__Task objective__
Print nothing beyond the line with "doc.layers.add(name, color=color, linetype=linetype)": every line from the beginning of the data up to it, that line included, and no pictures.

__Records shown__
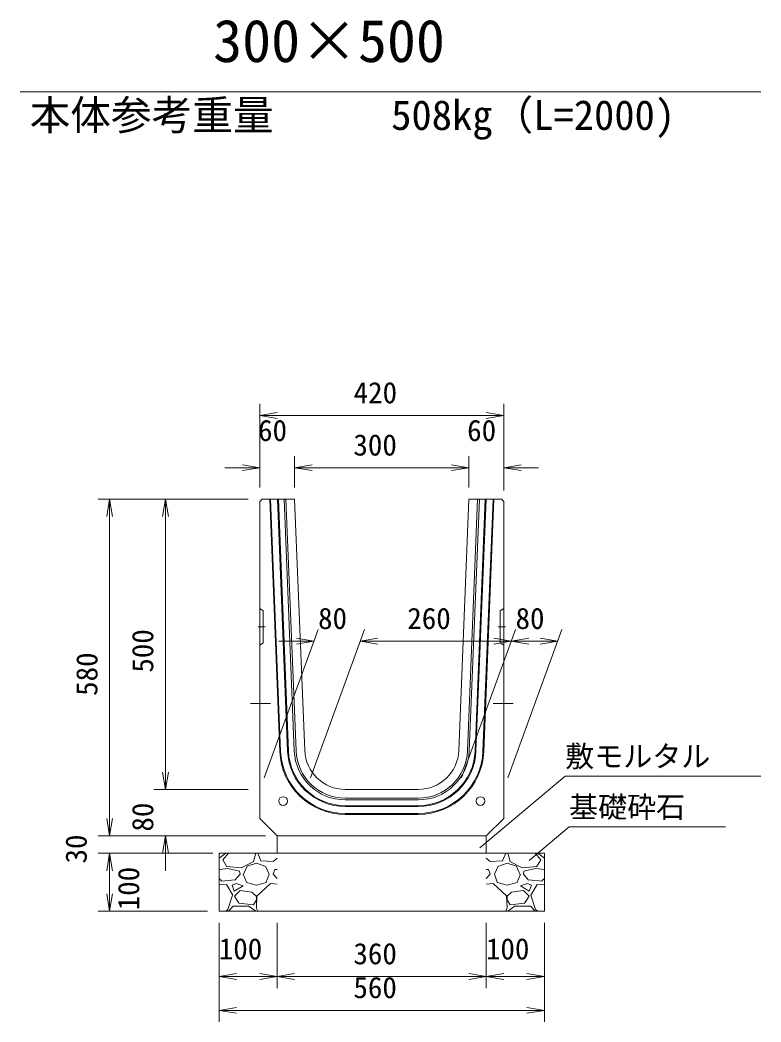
# Model space of a CAD drawing. Units: millimetres, scale not verified. Extents: x 0 to 84100, y -1845 to 57555.
# Drawn here: x 45936 to 52314, y 29337 to 37967 of the extents above; entities that cross this region are included whole.
import ezdxf
from ezdxf.enums import TextEntityAlignment as Align

# ---------------------------------------------------------------- set-up
doc = ezdxf.new("R2010")
doc.units = ezdxf.units.MM
doc.header["$LTSCALE"] = 100
doc.linetypes.add('USER1', pattern=[19, 12.7, -6.3])
for name, color, linetype in [('D-MTR-TXT(文字列）', 7, 'Continuous'), ('D-STR-TXT（文字）', 7, 'Continuous'), ('D-TTL-TXT（文字）', 7, 'Continuous')]:
    doc.layers.add(name, color=color, linetype=linetype)
for name, color, linetype, lineweight in [('D-STR-DIM（寸法）', 7, 'Continuous', 18), ('D-STR-HTXT（旗揚げ）', 7, 'Continuous', 18), ('D-STR-STR1（構造物）', 7, 'Continuous', 18), ('D-STR-STRn（構造物）', 7, 'Continuous', 18), ('D-STR（構造物外形線）', 1, 'Continuous', 18)]:
    doc.layers.add(name, color=color, linetype=linetype, lineweight=lineweight)
doc.styles.add('ＭＳ ゴシック', font='')
doc.styles.get('ＭＳ ゴシック').set_extended_font_data('MS Gothic')

msp = doc.modelspace()

# ---------------------------------------------------------------- linework, layer by layer
at = {"layer": 'D-STR-DIM（寸法）'}
for p, q in [((47999.7, 33940.2), (47999.7, 34660.7)), ((50099.7, 33940.2), (50099.7, 34660.7)), ((47999.7, 34560.7), (48149.7, 34585.7)), ((48149.7, 34535.7), (47999.7, 34560.7)), ((47999.7, 34560.7), (48149.7, 34560.7)), ((48149.7, 34560.7), (49949.7, 34560.7)), ((49949.7, 34585.7), (50099.7, 34560.7)), ((50099.7, 34560.7), (49949.7, 34535.7)), ((50099.7, 34560.7), (49949.7, 34560.7)), ((47999.7, 33940.2), (47999.7, 34210.7)), ((48299.7, 33940.2), (48299.7, 34210.7)), ((48299.7, 33940.2), (48299.7, 34210.7)), ((49799.7, 33940.2), (49799.7, 34210.7)), ((49799.7, 33940.2), (49799.7, 34210.7)), ((50099.7, 33920.2), (50099.7, 34210.7)), ((47849.7, 34110.7), (47699.7, 34110.7)), ((47849.7, 34135.7), (47999.7, 34110.7)), ((47999.7, 34110.7), (47849.7, 34085.7)), ((47999.7, 34110.7), (47849.7, 34110.7)), ((48299.7, 34110.7), (48449.7, 34135.7)), ((48299.7, 34110.7), (48449.7, 34135.7)), ((48449.7, 34085.7), (48299.7, 34110.7)), ((48299.7, 34110.7), (48449.7, 34110.7)), ((48449.7, 34085.7), (48299.7, 34110.7)), ((48299.7, 34110.7), (48449.7, 34110.7)), ((48449.7, 34110.7), (48599.7, 34110.7)), ((48449.7, 34110.7), (49649.7, 34110.7)), ((49649.7, 34110.7), (49499.7, 34110.7)), ((49649.7, 34135.7), (49799.7, 34110.7)), ((49649.7, 34135.7), (49799.7, 34110.7)), ((49799.7, 34110.7), (49649.7, 34085.7)), ((49799.7, 34110.7), (49649.7, 34110.7)), ((49799.7, 34110.7), (49649.7, 34085.7)), ((49799.7, 34110.7), (49649.7, 34110.7)), ((50099.7, 33915.2), (50099.7, 34160.7)), ((50099.7, 34110.7), (50249.7, 34135.7)), ((50249.7, 34085.7), (50099.7, 34110.7)), ((50099.7, 34110.7), (50249.7, 34110.7)), ((50249.7, 34110.7), (50399.7, 34110.7)), ((47899.7, 33840.2), (46607, 33840.2)), ((46682, 33690.2), (46707, 33840.2)), ((46707, 33840.2), (46732, 33690.2)), ((46707, 33840.2), (46707, 33690.2)), ((47899.7, 33840.2), (47087.3, 33840.2)), ((47162.3, 33690.2), (47187.3, 33840.2)), ((47187.3, 33840.2), (47212.3, 33690.2)), ((47187.3, 33840.2), (47187.3, 33690.2)), ((46707, 31090.2), (46707, 33690.2)), ((47187.3, 31490.2), (47187.3, 33690.2)), ((48036, 31440.2), (48500.7, 32716.7)), ((48436, 31440.2), (48900.7, 32716.7)), ((48436, 31440.2), (48900.7, 32716.7)), ((49736, 31440.2), (50200.7, 32716.7)), ((49736, 31440.2), (50200.7, 32716.7)), ((50136, 31440.2), (50600.7, 32716.7)), ((48314.3, 32641.7), (48464.3, 32616.7)), ((48864.3, 32616.7), (49014.3, 32641.7)), ((48864.3, 32616.7), (49014.3, 32641.7)), ((50014.3, 32641.7), (50164.3, 32616.7)), ((50164.3, 32616.7), (50314.3, 32641.7)), ((50414.3, 32641.7), (50564.3, 32616.7)), ((48314.3, 32616.7), (48164.3, 32616.7)), ((48464.3, 32616.7), (48314.3, 32591.7)), ((48464.3, 32616.7), (48314.3, 32616.7)), ((49014.3, 32591.7), (48864.3, 32616.7)), ((48864.3, 32616.7), (49014.3, 32616.7)), ((49014.3, 32591.7), (48864.3, 32616.7)), ((48864.3, 32616.7), (49014.3, 32616.7)), ((49014.3, 32616.7), (49164.3, 32616.7)), ((49014.3, 32616.7), (50014.3, 32616.7)), ((50164.3, 32616.7), (50014.3, 32591.7)), ((50164.3, 32616.7), (50014.3, 32616.7)), ((50314.3, 32591.7), (50164.3, 32616.7)), ((50164.3, 32616.7), (50314.3, 32616.7)), ((50314.3, 32616.7), (50414.3, 32616.7)), ((50564.3, 32616.7), (50414.3, 32591.7)), ((50564.3, 32616.7), (50414.3, 32616.7)), ((47187.3, 31490.2), (47187.3, 31640.2)), ((47187.3, 31340.2), (47162.3, 31490.2)), ((47187.3, 31340.2), (47162.3, 31490.2)), ((47212.3, 31490.2), (47187.3, 31340.2)), ((47187.3, 31340.2), (47187.3, 31490.2)), ((47212.3, 31490.2), (47187.3, 31340.2)), ((47187.3, 31340.2), (47187.3, 31490.2)), ((47899.7, 31340.2), (47087.3, 31340.2)), ((47899.7, 31340.2), (47087.3, 31340.2)), ((46707, 31090.2), (46707, 31240.2)), ((46707, 30940.2), (46682, 31090.2)), ((46707, 30940.2), (46682, 31090.2)), ((46732, 31090.2), (46707, 30940.2)), ((46707, 30940.2), (46707, 31090.2)), ((46732, 31090.2), (46707, 30940.2)), ((46707, 30940.2), (46707, 31090.2)), ((48049.7, 30940.2), (46607, 30940.2)), ((48049.7, 30940.2), (46607, 30940.2)), ((48049.7, 30940.2), (47087.3, 30940.2)), ((47162.3, 30790.2), (47187.3, 30940.2)), ((47187.3, 30940.2), (47212.3, 30790.2)), ((47187.3, 30940.2), (47187.3, 30790.2)), ((47549.7, 30790.2), (46607, 30790.2)), ((47594.7, 30790.2), (46607, 30790.2)), ((46682, 30640.2), (46707, 30790.2)), ((46682, 30640.2), (46707, 30790.2)), ((46707, 30790.2), (46732, 30640.2)), ((46707, 30790.2), (46707, 30640.2)), ((46707, 30790.2), (46732, 30640.2)), ((46707, 30790.2), (46707, 30640.2)), ((47187.3, 30790.2), (47187.3, 30640.2)), ((46707, 30640.2), (46707, 30490.2)), ((46707, 30640.2), (46707, 30440.2)), ((46707, 30290.2), (46682, 30440.2)), ((46732, 30440.2), (46707, 30290.2)), ((46707, 30290.2), (46707, 30440.2)), ((47549.7, 30290.2), (46607, 30290.2)), ((47649.7, 30190.2), (47649.7, 29337.3)), ((47649.7, 30190.2), (47649.7, 29629.1)), ((48149.7, 30190.2), (48149.7, 29629.1)), ((48149.7, 30190.2), (48149.7, 29629.1)), ((49949.7, 30190.2), (49949.7, 29629.1)), ((49949.7, 30190.2), (49949.7, 29629.1)), ((50449.7, 30190.2), (50449.7, 29629.1)), ((50449.7, 30190.2), (50449.7, 29337.3)), ((47649.7, 29729.1), (47799.7, 29754.1)), ((47799.7, 29704.1), (47649.7, 29729.1)), ((47649.7, 29729.1), (47799.7, 29729.1)), ((47999.7, 29729.1), (47799.7, 29729.1)), ((47999.7, 29754.1), (48149.7, 29729.1)), ((48149.7, 29729.1), (47999.7, 29704.1)), ((48149.7, 29729.1), (47999.7, 29729.1)), ((48149.7, 29729.1), (48299.7, 29754.1)), ((48299.7, 29704.1), (48149.7, 29729.1)), ((48149.7, 29729.1), (48299.7, 29729.1)), ((49799.7, 29729.1), (48299.7, 29729.1)), ((49799.7, 29754.1), (49949.7, 29729.1)), ((49949.7, 29729.1), (49799.7, 29704.1)), ((49949.7, 29729.1), (49799.7, 29729.1)), ((49949.7, 29729.1), (50099.7, 29754.1)), ((50099.7, 29704.1), (49949.7, 29729.1)), ((49949.7, 29729.1), (50099.7, 29729.1)), ((50099.7, 29729.1), (50299.7, 29729.1)), ((50299.7, 29754.1), (50449.7, 29729.1)), ((50449.7, 29729.1), (50299.7, 29704.1)), ((50449.7, 29729.1), (50299.7, 29729.1)), ((47649.7, 29437.3), (47799.7, 29462.3)), ((47799.7, 29412.3), (47649.7, 29437.3)), ((47649.7, 29437.3), (47799.7, 29437.3)), ((50299.7, 29437.3), (47799.7, 29437.3)), ((50299.7, 29462.3), (50449.7, 29437.3)), ((50449.7, 29437.3), (50299.7, 29412.3)), ((50449.7, 29437.3), (50299.7, 29437.3))]:
    msp.add_line(p, q, dxfattribs=at)
at = {"layer": 'D-STR-HTXT（旗揚げ）'}
for p, q in [((45935.5, 37349.8), (52313.8, 37349.8)), ((49894.1, 30836.7), (50628.4, 31453.7)), ((52314, 31453.7), (50628.4, 31453.7)), ((50318, 30729), (50662, 31017.3)), ((52009.4, 31017.3), (50662, 31017.3))]:
    msp.add_line(p, q, dxfattribs=at)
at = {"layer": 'D-STR-STR1（構造物）'}
for p, q in [((48029.7, 32877.7), (47999.7, 32897.7)), ((50069.7, 32877.7), (50099.7, 32897.7)), ((48029.7, 32602.7), (48029.7, 32877.7)), ((50069.7, 32602.7), (50069.7, 32877.7)), ((48029.7, 32602.7), (47999.7, 32582.7)), ((50069.7, 32602.7), (50099.7, 32582.7))]:
    msp.add_line(p, q, dxfattribs=at)
at = {"layer": 'D-STR-STR1（構造物）', "linetype": 'USER1'}
for p, q in [((48046.6, 32740.2), (47985.7, 32740.2)), ((50052.7, 32740.2), (50113.6, 32740.2)), ((47918.2, 32080.2), (48092.1, 32080.2)), ((50181.1, 32080.2), (50007.2, 32080.2))]:
    msp.add_line(p, q, dxfattribs=at)
at = {"layer": 'D-STR-STR1（構造物）'}
for centre in [(48199.7, 31240.2), (49899.7, 31240.2)]:
    msp.add_circle(centre, 37.5, dxfattribs=at)
at = {"layer": 'D-STR-STRn（構造物）'}
for p, q in [((48149.7, 30940.2), (48149.7, 30790.2)), ((49949.7, 30940.2), (49949.7, 30790.2)), ((48149.7, 30790.2), (47649.7, 30790.2)), ((47649.7, 30790.2), (47649.7, 30290.2)), ((47649.7, 30746.7), (47705.9, 30790.2)), ((47680.5, 30735), (47730.2, 30790.2)), ((47716.5, 30674.7), (47681.5, 30734.7)), ((47965.7, 30789.9), (47945.7, 30719.9)), ((47982.7, 30790.2), (48009.7, 30726.1)), ((48010.2, 30724.7), (48115.2, 30719.7)), ((48115.5, 30720.3), (48149.7, 30746.7)), ((49949.7, 30790.2), (48149.7, 30790.2)), ((49949.7, 30790.2), (50449.7, 30790.2)), ((49983.8, 30720.3), (49949.7, 30746.7)), ((50089.1, 30724.7), (49984.1, 30719.7)), ((50116.6, 30790.2), (50089.6, 30726.1)), ((50133.6, 30789.9), (50153.6, 30719.9)), ((50418.8, 30735), (50369.1, 30790.2)), ((50382.8, 30674.7), (50417.8, 30734.7)), ((50449.7, 30746.7), (50393.4, 30790.2)), ((50449.7, 30790.2), (50449.7, 30290.2)), ((47726, 30659.4), (47649.7, 30651.4)), ((47840.2, 30666), (47715.2, 30676)), ((47825.3, 30635.3), (47725.3, 30660.3)), ((47830.6, 30609.7), (47825.6, 30634.7)), ((47945.8, 30719.6), (47840.8, 30664.6)), ((47860.4, 30609.9), (47890.4, 30679.9)), ((47890.6, 30680), (47970.6, 30705)), ((47970.3, 30704.9), (48050.3, 30674.9)), ((48050.6, 30674.8), (48080.6, 30609.8)), ((48115.4, 30610.1), (48130.4, 30650.1)), ((48149.7, 30651.4), (48131, 30649.4)), ((49949.7, 30651.4), (49968.3, 30649.4)), ((49983.9, 30610.1), (49968.9, 30650.1)), ((50048.7, 30674.8), (50018.7, 30609.8)), ((50129, 30704.9), (50049, 30674.9)), ((50208.7, 30680), (50128.7, 30705)), ((50153.5, 30719.6), (50258.5, 30664.6)), ((50238.9, 30609.9), (50208.9, 30679.9)), ((50259.1, 30666), (50384.1, 30676)), ((50268.7, 30609.7), (50273.7, 30634.7)), ((50274, 30635.3), (50374, 30660.3)), ((50373.3, 30659.4), (50449.7, 30651.4)), ((47670.4, 30551.6), (47649.7, 30574.2)), ((47785.2, 30560.3), (47670.2, 30550.3)), ((47830.5, 30610), (47785.5, 30560)), ((47855.1, 30610.1), (47885.1, 30540.1)), ((48055.4, 30540.2), (48080.4, 30610.2)), ((48149.7, 30574.2), (48115.4, 30611.6)), ((49949.7, 30574.2), (49983.9, 30611.6)), ((50043.9, 30540.2), (50018.9, 30610.2)), ((50244.2, 30610.1), (50214.2, 30540.1)), ((50268.8, 30610), (50313.8, 30560)), ((50314.1, 30560.3), (50429.1, 30550.3)), ((50428.9, 30551.6), (50449.7, 30574.2)), ((47710.7, 30519.5), (47649.7, 30524.6)), ((47766.6, 30430.3), (47711.6, 30520.3)), ((47760.3, 30515), (47780.3, 30465)), ((47795.5, 30529.8), (47760.5, 30514.8)), ((47780.3, 30465.1), (47855.3, 30510.1)), ((47830.5, 30470), (47780.5, 30420)), ((47855.7, 30510.1), (47795.7, 30530.1)), ((47931.1, 30455.3), (47831.1, 30470.3)), ((47885.1, 30539.6), (47970.1, 30514.6)), ((47970.8, 30514.7), (48055.8, 30539.7)), ((48090.6, 30529.9), (47975.6, 30424.9)), ((48149.7, 30524.6), (48090.7, 30529.5)), ((49949.7, 30524.6), (50008.6, 30529.5)), ((50008.7, 30529.9), (50123.7, 30424.9)), ((50128.5, 30514.7), (50043.5, 30539.7)), ((50214.2, 30539.6), (50129.2, 30514.6)), ((50168.2, 30455.3), (50268.2, 30470.3)), ((50243.6, 30510.1), (50303.6, 30530.1)), ((50319, 30465.1), (50244, 30510.1)), ((50268.8, 30470), (50318.8, 30420)), ((50303.8, 30529.8), (50338.8, 30514.8)), ((50339, 30515), (50319, 30465)), ((50332.7, 30430.3), (50387.7, 30520.3)), ((50388.6, 30519.5), (50449.7, 30524.6)), ((47725.6, 30304.8), (47765.6, 30429.8)), ((47780.4, 30420.2), (47820.4, 30360.2)), ((47971.6, 30418.9), (47931.6, 30453.9)), ((47945.7, 30345), (47970.7, 30390)), ((47975.3, 30425.2), (47970.3, 30320.2)), ((47970.5, 30390), (47970.5, 30420)), ((50124, 30425.2), (50129, 30320.2)), ((50127.7, 30418.9), (50167.7, 30453.9)), ((50153.6, 30345), (50128.6, 30390)), ((50128.8, 30390), (50128.8, 30420)), ((50318.9, 30420.2), (50278.9, 30360.2)), ((50373.7, 30304.8), (50333.7, 30429.8)), ((47649.7, 30290.2), (50449.7, 30290.2)), ((47706, 30290.2), (47725.5, 30305.3)), ((47730.2, 30290.2), (47770.5, 30335)), ((47770.5, 30335), (47900.5, 30335)), ((47820.7, 30359.8), (47945.7, 30344.8)), ((47900.4, 30336.1), (47965.4, 30291.1)), ((47969.7, 30321.1), (47982.7, 30290.2)), ((50129.6, 30321.1), (50116.6, 30290.2)), ((50198.9, 30336.1), (50133.9, 30291.1)), ((50278.6, 30359.8), (50153.6, 30344.8)), ((50328.8, 30335), (50198.8, 30335)), ((50369.1, 30290.2), (50328.8, 30335)), ((50393.4, 30290.2), (50373.8, 30305.3))]:
    msp.add_line(p, q, dxfattribs=at)
at = {"layer": 'D-STR（構造物外形線）'}
for p, q in [((48019.7, 33840.2), (47999.7, 33820.2)), ((48299.7, 33840.2), (48019.7, 33840.2)), ((48084.5, 33840.2), (48171.4, 31667.6)), ((48092, 33840.2), (48178.9, 31667.9)), ((48152, 33840.2), (48238.8, 31670.3)), ((48159.5, 33840.2), (48246.3, 31670.6)), ((48296.3, 31672.6), (48209.6, 33840.2)), ((48311.3, 31673.2), (48224.6, 33840.2)), ((48299.7, 33840.2), (48386.2, 31676.2)), ((49799.7, 33840.2), (49713.1, 31676.2)), ((49874.7, 33840.2), (49788, 31673.2)), ((50079.7, 33840.2), (49799.7, 33840.2)), ((49889.7, 33840.2), (49803, 31672.6)), ((49853, 31670.6), (49939.8, 33840.2)), ((49860.5, 31670.3), (49947.3, 33840.2)), ((49920.4, 31667.9), (50007.3, 33840.2)), ((49927.9, 31667.6), (50014.8, 33840.2)), ((50099.7, 33820.2), (50079.7, 33840.2)), ((47999.7, 31090.2), (47999.7, 33820.2)), ((50099.7, 31090.2), (50099.7, 33820.2)), ((49363.4, 31340.2), (48735.9, 31340.2)), ((49363.4, 31265.2), (48735.9, 31265.2)), ((49363.4, 31250.2), (48735.9, 31250.2)), ((48735.9, 31200.2), (49363.4, 31200.2)), ((48735.9, 31192.7), (49363.4, 31192.7)), ((48149.7, 30940.2), (47999.7, 31090.2)), ((48735.9, 31132.7), (49363.4, 31132.7)), ((48735.9, 31125.2), (49363.4, 31125.2)), ((49949.7, 30940.2), (50099.7, 31090.2)), ((49949.7, 30940.2), (48149.7, 30940.2))]:
    msp.add_line(p, q, dxfattribs=at)
for centre, radius, start, end in [((48735.9, 31690.2), 497.5, 182.29061, 270), ((48735.9, 31690.2), 490, 182.29061, 270), ((48735.9, 31690.2), 440, 182.29061, 270), ((48735.9, 31690.2), 425, 182.29061, 270), ((48735.9, 31690.2), 350, 182.29061, 270), ((49363.4, 31690.2), 350, 270, 357.70939), ((49363.4, 31690.2), 425, 270, 357.70939), ((49363.4, 31690.2), 440, 270, 357.70939), ((49363.4, 31690.2), 490, 270, 357.70939), ((49363.4, 31690.2), 497.5, 270, 357.70939), ((48735.9, 31690.2), 565, 182.29061, 270), ((48735.9, 31690.2), 557.5, 182.29061, 270), ((49363.4, 31690.2), 557.5, 270, 357.70939), ((49363.4, 31690.2), 565, 270, 357.70939)]:
    msp.add_arc(centre, radius, start, end, dxfattribs=at)

# ---------------------------------------------------------------- texts
at = {"layer": 'D-MTR-TXT(文字列）', "style": 'ＭＳ ゴシック'}
for s, p in [('本体参考重量', (46018.5, 36943.2)), ('508kg（L=2000)', (49130.5, 36943.2))]:
    msp.add_text(s, height=256.6, dxfattribs=at).set_placement(p, align=Align.BOTTOM_LEFT)
at = {"layer": 'D-STR-DIM（寸法）', "style": 'ＭＳ ゴシック'}
for s, p in [('420', (48807.3, 34610.7)), ('60', (47984.7, 34285.7)), ('60', (49784.7, 34285.7)), ('300', (48805.4, 34160.7)), ('80', (48501.2, 32666.7)), ('260', (49269.4, 32666.7)), ('80', (50201.2, 32666.7)), ('100', (47646.5, 29820.5)), ('100', (49946.5, 29820.5)), ('360', (48805.4, 29779.1)), ('560', (48805.4, 29487.3))]:
    msp.add_text(s, height=183.3, dxfattribs=at).set_placement(p, align=Align.BOTTOM_LEFT)
for s, p in [('500', (47137.3, 32345.9)), ('580', (46657, 32145.9)), ('80', (47137.3, 30977.1)), ('30', (46564.7, 30702.1)), ('100', (47016.1, 30299.3))]:
    msp.add_text(s, height=183.3, rotation=90, dxfattribs=at).set_placement(p, align=Align.BOTTOM_LEFT)
at = {"layer": 'D-STR-TXT（文字）', "style": 'ＭＳ ゴシック'}
for s, p in [('敷モルタル', (50628.4, 31478.9)), ('基礎砕石', (50662, 31042.5))]:
    msp.add_text(s, height=183.3, dxfattribs=at).set_placement(p, align=Align.BOTTOM_LEFT)
at = {"layer": 'D-TTL-TXT（文字）', "style": 'ＭＳ ゴシック'}
msp.add_text('300×500', height=366.6, dxfattribs=at).set_placement((47598.1, 37494.7), align=Align.BOTTOM_LEFT)

doc.saveas('drawing.dxf')

__Response for this exercise__
# Model space of a CAD drawing. Units: millimetres, scale not verified. Extents: x 0 to 84100, y -1845 to 57555.
# Drawn here: x 45936 to 52314, y 29337 to 37967 of the extents above; entities that cross this region are included whole.
import ezdxf
from ezdxf.enums import TextEntityAlignment as Align

# ---------------------------------------------------------------- set-up
doc = ezdxf.new("R2010")
doc.units = ezdxf.units.MM
doc.header["$LTSCALE"] = 100
doc.linetypes.add('USER1', pattern=[19, 12.7, -6.3])
for name, color, linetype in [('D-MTR-TXT(文字列）', 7, 'Continuous'), ('D-STR-TXT（文字）', 7, 'Continuous'), ('D-TTL-TXT（文字）', 7, 'Continuous')]:
    doc.layers.add(name, color=color, linetype=linetype)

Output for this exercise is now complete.